51. Aucune indemnité ne peut donc être allouée de ce chef
52. Le droit à indemnisation de Mme [R] [T] est limité à 10 %.
53. Le montant des indemnités dues se décompose donc comme suit :
déficit fonctionnel temporaire : 53,28 euros,
souffrances endurées : 300 euros,
préjudice esthétique temporaire : 50 euros,
préjudice esthétique définitif : 150 euros,
TOTAL :553,28 euros.
54. Il n’apparait pas inéquitable de débouter Mme [R] [T] et le docteur [S] de leurs demandes au titre de l’article 700 du code de procédure civile.
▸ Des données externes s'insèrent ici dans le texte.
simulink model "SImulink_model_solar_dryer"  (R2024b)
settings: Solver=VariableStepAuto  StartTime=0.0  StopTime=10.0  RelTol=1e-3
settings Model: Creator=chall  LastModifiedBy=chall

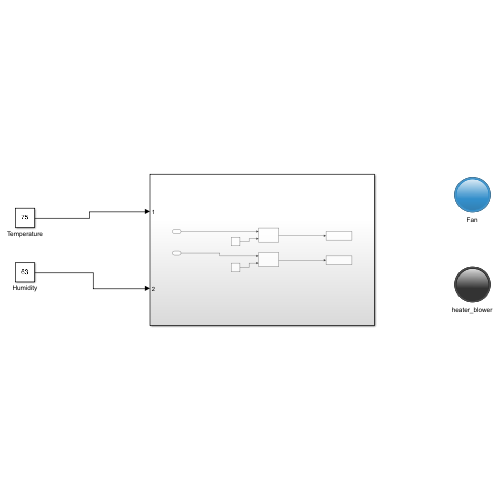
[thumbnail: Simulink's stored preview of the top-level diagram]
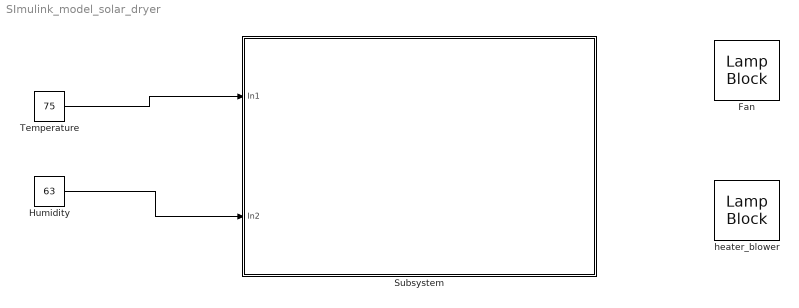
== system SImulink_model_solar_dryer ==
  Fan : LampBlock  LabelPosition=Hide
  Humidity : Constant  Value=63
  Subsystem : Subsystem
  Temperature : Constant  Value=75
  heater_blower : LampBlock  LabelPosition=Hide
  wires:
  Temperature/1 -> Subsystem/1(In1)
  Humidity/1 -> Subsystem/2(In2)

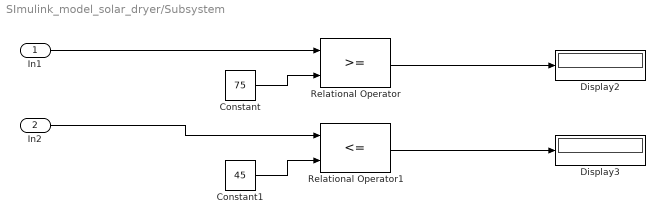
== system SImulink_model_solar_dryer/Subsystem ==
  In1 : Inport
  In2 : Inport  Port=2
  Constant : Constant  Value=75
  Constant1 : Constant  Value=45
  Display2 : Display
  Display3 : Display
  Relational Operator : RelationalOperator  OutDataTypeStr=boolean  RndMeth=Simplest  InputSameDT=off
  Relational Operator1 : RelationalOperator  Operator=<=  OutDataTypeStr=boolean  RndMeth=Simplest  InputSameDT=off
  wires:
  In1/1 -> Relational Operator/1
  Relational Operator/1 -> Display2/1
  Constant1/1 -> Relational Operator1/2
  Relational Operator1/1 -> Display3/1
  Constant/1 -> Relational Operator/2
  In2/1 -> Relational Operator1/1
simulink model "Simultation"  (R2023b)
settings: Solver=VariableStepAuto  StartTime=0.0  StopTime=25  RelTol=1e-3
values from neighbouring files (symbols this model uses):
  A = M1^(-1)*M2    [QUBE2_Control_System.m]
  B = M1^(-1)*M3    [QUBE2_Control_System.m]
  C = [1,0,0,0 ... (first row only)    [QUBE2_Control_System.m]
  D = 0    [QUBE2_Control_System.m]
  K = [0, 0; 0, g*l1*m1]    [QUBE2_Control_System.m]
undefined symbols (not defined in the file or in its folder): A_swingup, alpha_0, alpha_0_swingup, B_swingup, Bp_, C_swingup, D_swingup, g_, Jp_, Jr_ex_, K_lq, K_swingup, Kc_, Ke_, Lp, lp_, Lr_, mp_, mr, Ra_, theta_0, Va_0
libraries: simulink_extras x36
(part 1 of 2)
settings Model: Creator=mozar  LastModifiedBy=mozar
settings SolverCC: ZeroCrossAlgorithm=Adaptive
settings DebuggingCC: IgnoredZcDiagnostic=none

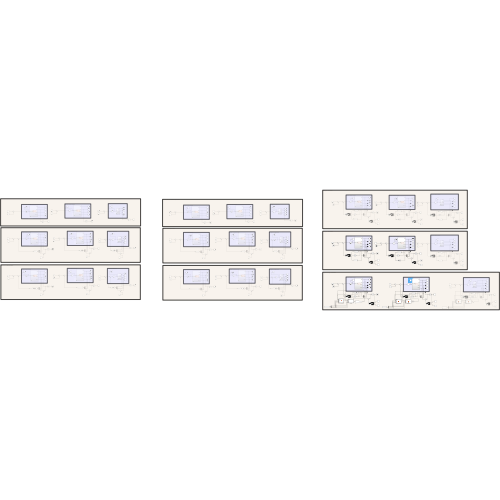
[thumbnail: Simulink's stored preview of the top-level diagram]
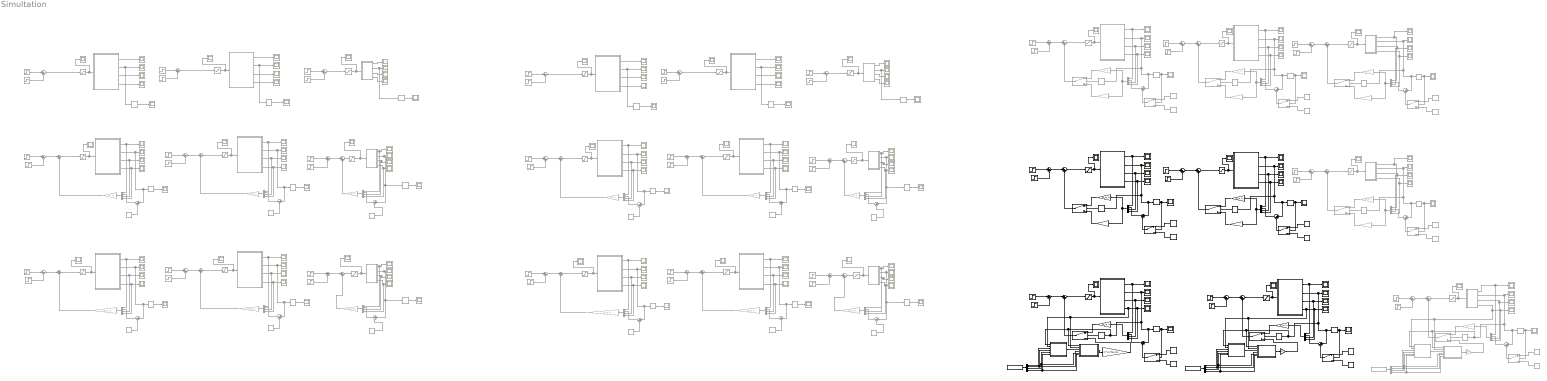
== system Simultation ==
  note: PP Swingup + PP Stabilization
  note: PP - 0 phi - 2V 0.05s Square Disturb
  note: Natual Response - 0 phi - Disturb 2V square 0.05 sec
  note: Complete Linear With Friction
  note: complete nonlinear with friction
  note: complete nonlinear no friction
  note: complete nonlinear no friction
  note: Complete Linear With Friction
  note: complete nonlinear with friction
  note: Complete Linear With Friction
  note: complete nonlinear with friction
  note: complete nonlinear no friction
  note: LQR - 0 phi - 2V 0.05s Square Disturb
  note: Complete Linear With Friction
  note: complete nonlinear with friction
  note: complete nonlinear no friction
  note: complete nonlinear no friction
  note: complete nonlinear with friction
  note: complete nonlinear no friction
  note: LQR - pi phi - 2V 0.05s Square Disturb
  note: Natual Response - pi phi - Disturb 2V square 0.05 sec
  note: complete nonlinear with friction
  note: PP - pi phi - 2V 0.05s Square Disturb
  note: Complete Linear With Friction
  note: Complete Linear With Friction
  note: complete nonlinear no friction
  note: complete nonlinear with friction
  note: Complete Linear With Friction
  note: PP Swingup + LQR Stabilization
  note: complete nonlinear no friction
  note: complete nonlinear with friction
  note: Complete Linear With Friction
  note: Energy Based Swingup + PP Stabilization
  note: complete nonlinear no friction
  note: complete nonlinear with friction
  note: complete linear with friction
  Constant{,1..12,14,17,22,31} (17 alike) : Constant  Commented=on  Value=pi
  Constant{13,18,25,28} (4 alike) : Constant  Value=pi
  Constant{15..16,19,23,32} (5 alike) : Constant  Commented=on  Value=0
  Constant{20..21,27,29} (4 alike) : Constant  Value=0
  Constant24 : Constant  Value=[Jp_ mp_ Lp g_]
  Constant26 : Constant  Value=[Jp_ mp_ Lp g_]
  Constant30 : Constant  Commented=on  Value=[Jp_ mp_ Lp g_]
  Demux1 : Demux
  Demux2 : Demux
  Demux3 : Demux  Commented=on
  Energy computation : MATLAB Function  TreatAsAtomicUnit=on
  Energy computation1 : MATLAB Function  TreatAsAtomicUnit=on
  Energy computation2 : MATLAB Function  Commented=on  TreatAsAtomicUnit=on
  Gain{1..2,6..8,12,19} (7 alike) : Gain  Commented=on  Gain=-K_lq  Multiplication=Matrix(K*u) (u vector)
  Gain{3..5,9..11,13..15,30} (10 alike) : Gain  Commented=on  Gain=-K  Multiplication=Matrix(K*u) (u vector)
  Gain{16..18,24} (4 alike) : Gain  Commented=on  Gain=-K_swingup  Multiplication=Matrix(K*u) (u vector)
  Gain{20..21,27..28} (4 alike) : Gain  Gain=-K_lq  Multiplication=Matrix(K*u) (u vector)
  Gain22 : Gain  Gain=-K_swingup  Multiplication=Matrix(K*u) (u vector)
  Gain23 : Gain  Gain=-K_swingup  Multiplication=Matrix(K*u) (u vector)
  Gain25 : Gain  Gain=mr*Lr_*Ra_/Kc_
  Gain26 : Gain  Gain=mr*Lr_*Ra_/Kc_
  Gain29 : Gain  Commented=on  Gain=mr*Lr_*Ra_/Kc_
  Mux{1..16,20} (17 alike) : Mux  Commented=on
  Mux{17..19,21} (4 alike) : Mux
  Radians to Degrees{,1..23,26,29,34..35} (28 alike) : simulink_extras/Transformations/Radians to Degrees  Commented=on
  Radians to Degrees{24..25,27..28,30..33} (8 alike) : simulink_extras/Transformations/Radians to Degrees
  Saturation{,1..6,9..15,18..20,23,26} (19 alike) : Saturate  Commented=on  UpperLimit=10  LowerLimit=-10
  Saturation{7..8,16..17} (4 alike) : Saturate  Commented=on
  Saturation{21..22,24..25} (4 alike) : Saturate  UpperLimit=10  LowerLimit=-10
  Scope{,1..113,115..126,132..135,142..143,156..161} (138 alike) : Scope  Commented=on
  Scope{114,127..131,136..141,144..155} (24 alike) : Scope
  Step{1,3,5..6,8,10,12,14,16,19..20,22,24,26,30,32..33,35,37,39,41,47,53} (23 alike) : Step  Commented=on  Before=1  After=3  SampleTime=0
  Step{2,4,7,9,11,13,15,17..18,21,23,25,27..29,31,34,36,38,40,42,48,54} (23 alike) : Step  Commented=on  Time=1.05  Before=1  After=3  SampleTime=0
  Step{43,45,49,51} (4 alike) : Step  Before=1  After=3  SampleTime=0
  Step{44,46,50,52} (4 alike) : Step  Time=1.05  Before=1  After=3  SampleTime=0
  Subsystem1 : Subsystem  Commented=on
  Subsystem10 : Subsystem  Commented=on
  Subsystem11 : Subsystem  Commented=on
  Subsystem12 : Subsystem  Commented=on
  Subsystem13 : Subsystem  Commented=on
  Subsystem14 : Subsystem
  Subsystem15 : Subsystem  Commented=on
  Subsystem16 : Subsystem
  Subsystem17 : Subsystem
  Subsystem18 : Subsystem
  Subsystem2 : Subsystem  Commented=on
  Subsystem3 : Subsystem  Commented=on
  Subsystem4 : Subsystem  Commented=on
  Subsystem5 : Subsystem  Commented=on
  Subsystem6 : Subsystem  Commented=on
  Subsystem7 : Subsystem  Commented=on
  Subsystem8 : Subsystem  Commented=on
  Subsystem9 : Subsystem  Commented=on
  Sum{1,5,7,12,16,18,22,25,29,31,38,40,43,46,49,55,67} (17 alike) : Sum  Commented=on  Inputs=|++
  Sum{2..4,6,8..11,13..15,17,19..21,23..24,26..28,30,32..37,39,41..42,44..45,47..48,50..51,56..57,68..69} (40 alike) : Sum  Commented=on  Inputs=|+-
  Sum{52,58,61,64} (4 alike) : Sum  Inputs=|++
  Sum{53..54,59..60,62..63,65..66} (8 alike) : Sum  Inputs=|+-
  Switch{,2,4,10} (4 alike) : Switch  Commented=on  Threshold=135  SaturateOnIntegerOverflow=off  InputSameDT=off
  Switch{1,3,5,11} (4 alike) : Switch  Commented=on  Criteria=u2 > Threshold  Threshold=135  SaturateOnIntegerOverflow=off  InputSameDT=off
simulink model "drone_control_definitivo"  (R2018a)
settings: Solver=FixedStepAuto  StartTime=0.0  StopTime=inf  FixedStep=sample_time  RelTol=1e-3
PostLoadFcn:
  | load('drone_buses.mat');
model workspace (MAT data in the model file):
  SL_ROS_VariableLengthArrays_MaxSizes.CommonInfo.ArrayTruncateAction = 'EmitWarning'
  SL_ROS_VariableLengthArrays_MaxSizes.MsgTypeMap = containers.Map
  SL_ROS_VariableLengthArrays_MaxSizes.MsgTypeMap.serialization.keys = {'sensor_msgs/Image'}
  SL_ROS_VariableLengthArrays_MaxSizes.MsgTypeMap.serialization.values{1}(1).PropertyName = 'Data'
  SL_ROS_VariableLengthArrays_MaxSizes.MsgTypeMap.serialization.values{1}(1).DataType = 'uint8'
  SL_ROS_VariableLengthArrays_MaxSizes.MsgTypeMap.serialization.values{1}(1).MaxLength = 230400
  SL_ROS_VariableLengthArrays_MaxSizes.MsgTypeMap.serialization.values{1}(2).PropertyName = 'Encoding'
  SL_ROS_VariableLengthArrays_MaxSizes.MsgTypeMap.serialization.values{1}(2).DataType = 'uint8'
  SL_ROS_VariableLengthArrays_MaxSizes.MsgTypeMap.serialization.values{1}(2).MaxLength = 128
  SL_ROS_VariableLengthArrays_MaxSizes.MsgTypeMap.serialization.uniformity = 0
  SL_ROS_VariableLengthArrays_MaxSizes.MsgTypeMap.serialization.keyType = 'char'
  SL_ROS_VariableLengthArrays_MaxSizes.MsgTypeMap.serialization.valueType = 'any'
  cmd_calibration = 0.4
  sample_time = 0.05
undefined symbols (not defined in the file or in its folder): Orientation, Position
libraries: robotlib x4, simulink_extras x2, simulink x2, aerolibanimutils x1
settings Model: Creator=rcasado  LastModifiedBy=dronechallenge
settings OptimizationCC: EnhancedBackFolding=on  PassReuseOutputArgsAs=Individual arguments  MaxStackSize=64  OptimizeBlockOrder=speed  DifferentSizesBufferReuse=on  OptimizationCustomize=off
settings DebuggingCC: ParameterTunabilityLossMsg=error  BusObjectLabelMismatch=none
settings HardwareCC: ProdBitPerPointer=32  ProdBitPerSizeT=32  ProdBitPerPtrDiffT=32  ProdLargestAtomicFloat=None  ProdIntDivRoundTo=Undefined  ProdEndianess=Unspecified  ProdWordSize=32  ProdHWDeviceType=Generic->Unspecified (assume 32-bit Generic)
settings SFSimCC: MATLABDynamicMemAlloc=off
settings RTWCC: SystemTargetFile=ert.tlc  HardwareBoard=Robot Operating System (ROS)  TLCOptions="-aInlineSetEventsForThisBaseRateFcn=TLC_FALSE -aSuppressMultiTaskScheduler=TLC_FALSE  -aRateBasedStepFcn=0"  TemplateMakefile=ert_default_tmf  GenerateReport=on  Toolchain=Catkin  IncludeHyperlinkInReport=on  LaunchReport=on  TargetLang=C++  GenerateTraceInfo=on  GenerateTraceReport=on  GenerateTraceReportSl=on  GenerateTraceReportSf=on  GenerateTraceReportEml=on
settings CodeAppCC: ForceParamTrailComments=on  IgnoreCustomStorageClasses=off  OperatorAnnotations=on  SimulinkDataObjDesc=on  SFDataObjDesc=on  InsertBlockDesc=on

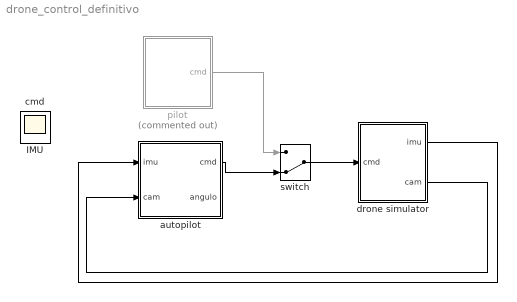
== system drone_control_definitivo ==
  autopilot : Stateflow chart  TreatAsAtomicUnit=on
  drone simulator : Subsystem
      mask Display:
      | patch([50 -50 -50 50], [40 40 -60 -60], [1 1 1])
      | 
      | patch([8 -8 -8 8], [6 6 -6 -6], [0.7 0.7 0.7])
      | 
      | patch([ 8  8  28  28], [2 0 0 2], [0.5 0.5 0.5])
      | patch([-8 -8 -28 -28], [2 0 0 2], [0.5 0.5 0.5])
      | 
      | patch([ 30  46  30  14], [6 5 4 5], [1 1 0])
      | patch([-30 -46 -30 -14], [6 5 4 5], [1 1 0])
      | 
      | patch([ 28  28  32  32], [4 -2 -2 4], [0 0 0])
      | patch([-28 -28 -32 -32], [4 -2 -2 4], [0 0 0])
      | 
      | patch([ 8  12  11  7], [-6 -18 -18 -6], [0 0 0])
      | patch([-8 -12 -11 -7], [-6 -18 -18 -6], [0 0 0])
  pilot : Subsystem  Commented=on
      mask Display:
      | patch([12 -2 -2 12], [12 12 -2 -2], [0.9 0.9 0.9])
      | 
      | % bola roja
      | patch([4 6 7 7 6 4 3 3], [6 6 7 9 10 10 9 7], [1 0 0])
      | 
      | % palo gris
      | patch([4 6 6 4], [3 3 6 6], [0.2 0.2 0.2])
      | 
      | % base negra
      | patch([1 9 10 10 9 1 0 0], [0 0 1 2 3 3 2 1], [0 0 0])
  switch : ManualSwitch  CurrentSetting=0
  IMU : Scope
  cmd : Scope
  wires:
  pilot/1(cmd) -> switch/1
  switch/1 -> drone simulator/1(cmd)
  autopilot/1(cmd) -> switch/2
  drone simulator/1(imu) -> autopilot/1(imu)
  drone simulator/2(cam) -> autopilot/2(cam)

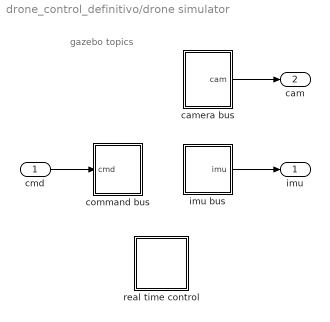
== system drone_control_definitivo/drone simulator ==
  note: gazebo
      | topics
  cmd : Inport
  camera bus : Subsystem
  command bus : Subsystem
  imu bus : Subsystem
  real time control : Subsystem
      mask Display: disp('realtime\ncontrol')
  imu : Outport
  cam : Outport  Port=2
  wires:
  imu bus/1(imu) -> imu/1
  cmd/1 -> command bus/1(cmd)
  camera bus/1(cam) -> cam/1

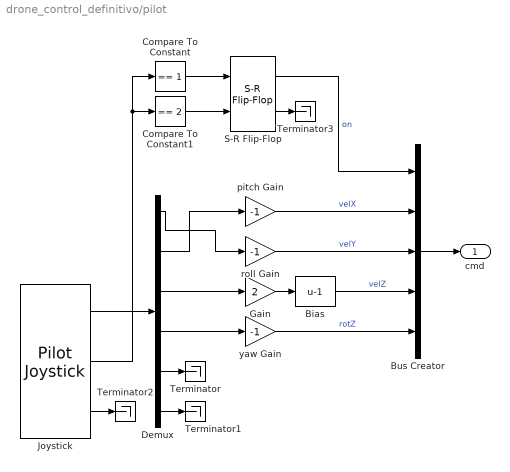
== system drone_control_definitivo/pilot ==
  Bias : Bias  Bias=-1
  Bus Creator : BusCreator  Inputs=5  OutDataTypeStr=Bus: bus_command  NonVirtualBus=on
      settings: InheritFromInputs=off
  Compare To Constant : simulink/Logic and Bit Operations/Compare To Constant  relop===  const=1  OutDataTypeStr=boolean
  Compare To Constant1 : simulink/Logic and Bit Operations/Compare To Constant  relop===  const=2  OutDataTypeStr=boolean
  Demux : Demux  Outputs=6
  Gain : Gain  Gain=2
  Joystick : aerolibanimutils/Pilot Joystick  JoystickID=Joystick1  OutputConfiguration=AllOutputs  SampleTime=sample_time
  S-R Flip-Flop : simulink_extras/Flip Flops/S-R Flip-Flop  initial_condition=0
  Terminator{,1..3} (4 alike) : Terminator
  pitch Gain : Gain  Gain=-1
  roll Gain : Gain  Gain=-1
  yaw Gain : Gain  Gain=-1
  cmd : Outport
  wires:
  Demux/4 -> yaw Gain/1
  Demux/3 -> Gain/1
  Demux/1 -> roll Gain/1
  Demux/2 -> pitch Gain/1
  Gain/1 -> Bias/1
  Bias/1 -> Bus Creator/4  "velZ"
  yaw Gain/1 -> Bus Creator/5  "rotZ"
  pitch Gain/1 -> Bus Creator/2  "velX"
  roll Gain/1 -> Bus Creator/3  "velY"
  S-R Flip-Flop/1 -> Bus Creator/1  "on"
  Bus Creator/1 -> cmd/1
  Joystick/1 -> Demux/1
  Demux/6 -> Terminator1/1
  Demux/5 -> Terminator/1
  Joystick/2 -> Compare To Constant/1, Compare To Constant1/1
  Joystick/3 -> Terminator2/1
  Compare To Constant/1 -> S-R Flip-Flop/1
  Compare To Constant1/1 -> S-R Flip-Flop/2
  S-R Flip-Flop/2 -> Terminator3/1

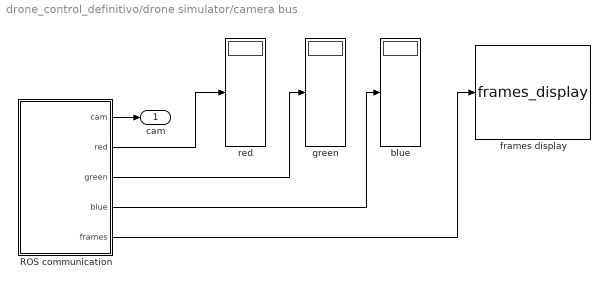
== system drone_control_definitivo/drone simulator/camera bus ==
  ROS communication : Subsystem
  blue : Display
  frames display : MATLABFcn  StartFcn=|  MATLABFcn=frames_display  OutputDimensions=0  Output1D=off
      | clear functions;
      | clc;
      mask Display:
      | patch([80 100 100 80], [60 60 80 80],[1 0 0])
      | 
      | patch([60 75 75 60], [20 20 30 30],[0 1 0])
      | 
      | patch([20 40 40 20], [40 40 50 50],[0 0 1])
  green : Display
  red : Display
  cam : Outport
  wires:
  ROS communication/2(red) -> red/1
  ROS communication/3(green) -> green/1
  ROS communication/4(blue) -> blue/1
  ROS communication/1(cam) -> cam/1
  ROS communication/5(frames) -> frames display/1

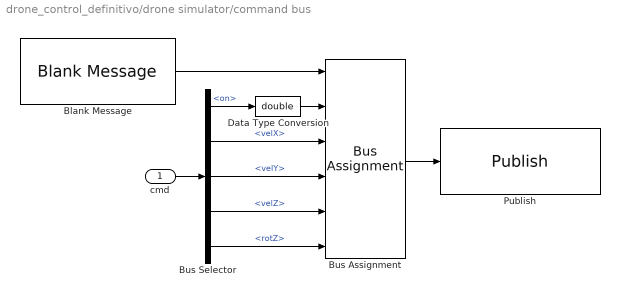
== system drone_control_definitivo/drone simulator/command bus ==
  cmd : Inport
  Blank Message : robotlib/Blank Message  SourceLibraryInfo=This block requires Robotics System Toolbox  messageType=geometry_msgs/Pose  SampleTime=sample_time
      settings: SourceProductBaseCode=RO
  Bus Assignment : BusAssignment  AssignedSignals=Position.X,Orientation.X,Orientation.Y,Orientation.Z,Orientation.W
  Bus Selector : BusSelector  OutputSignals=on,velX,velY,velZ,rotZ
  Data Type Conversion : DataTypeConversion  OutDataTypeStr=double
  Publish : robotlib/Publish  SourceLibraryInfo=This block requires Robotics System Toolbox  topicSource=Select from ROS network  topic=/quadcopter/bus_command  messageType=geometry_msgs/Pose  messageQueueLength=105
      settings: SourceProductBaseCode=RO
  wires:
  Bus Assignment/1 -> Publish/1
  cmd/1 -> Bus Selector/1
  Blank Message/1 -> Bus Assignment/1
  Bus Selector/4 -> Bus Assignment/5  "<velZ>"
  Bus Selector/3 -> Bus Assignment/4  "<velY>"
  Bus Selector/2 -> Bus Assignment/3  "<velX>"
  Bus Selector/1 -> Data Type Conversion/1  "<on>"
  Bus Selector/5 -> Bus Assignment/6  "<rotZ>"
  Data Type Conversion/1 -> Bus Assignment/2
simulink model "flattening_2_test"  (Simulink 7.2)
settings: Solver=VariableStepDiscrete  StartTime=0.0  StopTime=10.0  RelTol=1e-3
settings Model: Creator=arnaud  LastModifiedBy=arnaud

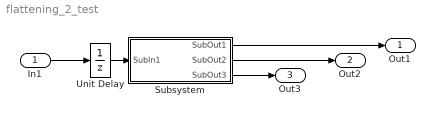
== system flattening_2_test ==
  In1 : Inport  OutDataType=sfix(16)  OutScaling=2^0
  Subsystem : Subsystem
  Unit Delay : UnitDelay
  Out1 : Outport  OutDataType=sfix(16)  OutScaling=2^0
  Out2 : Outport  Port=2  OutDataType=sfix(16)  OutScaling=2^0
  Out3 : Outport  Port=3  OutDataType=sfix(16)  OutScaling=2^0
  wires:
  Subsystem/1(SubOut1) -> Out1/1
  Subsystem/2(SubOut2) -> Out2/1
  Unit Delay/1 -> Subsystem/1(SubIn1)
  In1/1 -> Unit Delay/1
  Subsystem/3(SubOut3) -> Out3/1

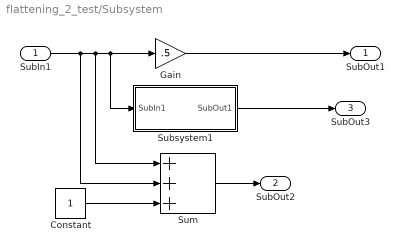
== system flattening_2_test/Subsystem ==
  SubIn1 : Inport  OutDataType=sfix(16)  OutScaling=2^0
  Constant : Constant  OutDataType=sfix(16)  OutScaling=2^0
  Gain : Gain  Gain=.5  ParameterDataType=sfix(16)  ParameterScaling=2^0  OutDataType=sfix(16)  OutScaling=2^0
  Subsystem1 : Subsystem
  Sum : Sum  Inputs=+++  OutDataType=sfix(16)  OutScaling=2^0
  SubOut1 : Outport  OutDataType=sfix(16)  OutScaling=2^0
  SubOut2 : Outport  Port=2  OutDataType=sfix(16)  OutScaling=2^0
  SubOut3 : Outport  Port=3  OutDataType=sfix(16)  OutScaling=2^0
  wires:
  SubIn1/1 -> Subsystem1/1(SubIn1), Gain/1, Sum/1, Sum/2
  Gain/1 -> SubOut1/1
  Sum/1 -> SubOut2/1
  Constant/1 -> Sum/3
  Subsystem1/1(SubOut1) -> SubOut3/1

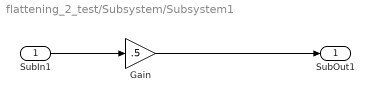
== system flattening_2_test/Subsystem/Subsystem1 ==
  SubIn1 : Inport  OutDataType=sfix(16)  OutScaling=2^0
  Gain : Gain  Gain=.5  ParameterDataType=sfix(16)  ParameterScaling=2^0  OutDataType=sfix(16)  OutScaling=2^0
  SubOut1 : Outport  OutDataType=sfix(16)  OutScaling=2^0
  wires:
  Gain/1 -> SubOut1/1
  SubIn1/1 -> Gain/1

Enfin, l’équité commande de dire que chaque partie conservera la charge de ses frais et dépens.
PAR CES MOTIF
Statuant par mise à disposition au greffe, publiquement et par arrêt réputé contradictoire,
INFIRME le jugement du tribunal judiciaire de Marseille du 23 mars 2023 en ce qu’il a condamné le docteur [S] à payer à Mme [R] [T] la somme de 274,88 euros en réparation de son préjudice corporel ;
LE CONFIRME pour le surplus ;
STATUANT à nouveau sur les chefs d’information ;
CONDAMNE le docteur [S] à payer à Mme [R] [T] la somme de 553,28 euros en réparation de son préjudice corporel ;
DIT que chaque partie conservera la charge de ses frais et dépens ;
DEBOUTE les parties du surplus de leurs demandes.
CONDAMNE le docteur [G] [S] à payer à Mme [R] [T] la somme de 2 000 euros au titre de l’article 700 du code de procédure civile,
DEBOUTE les parties du surplus de leurs demandes,
CONDAMNE le docteur [G] [S] aux dépens.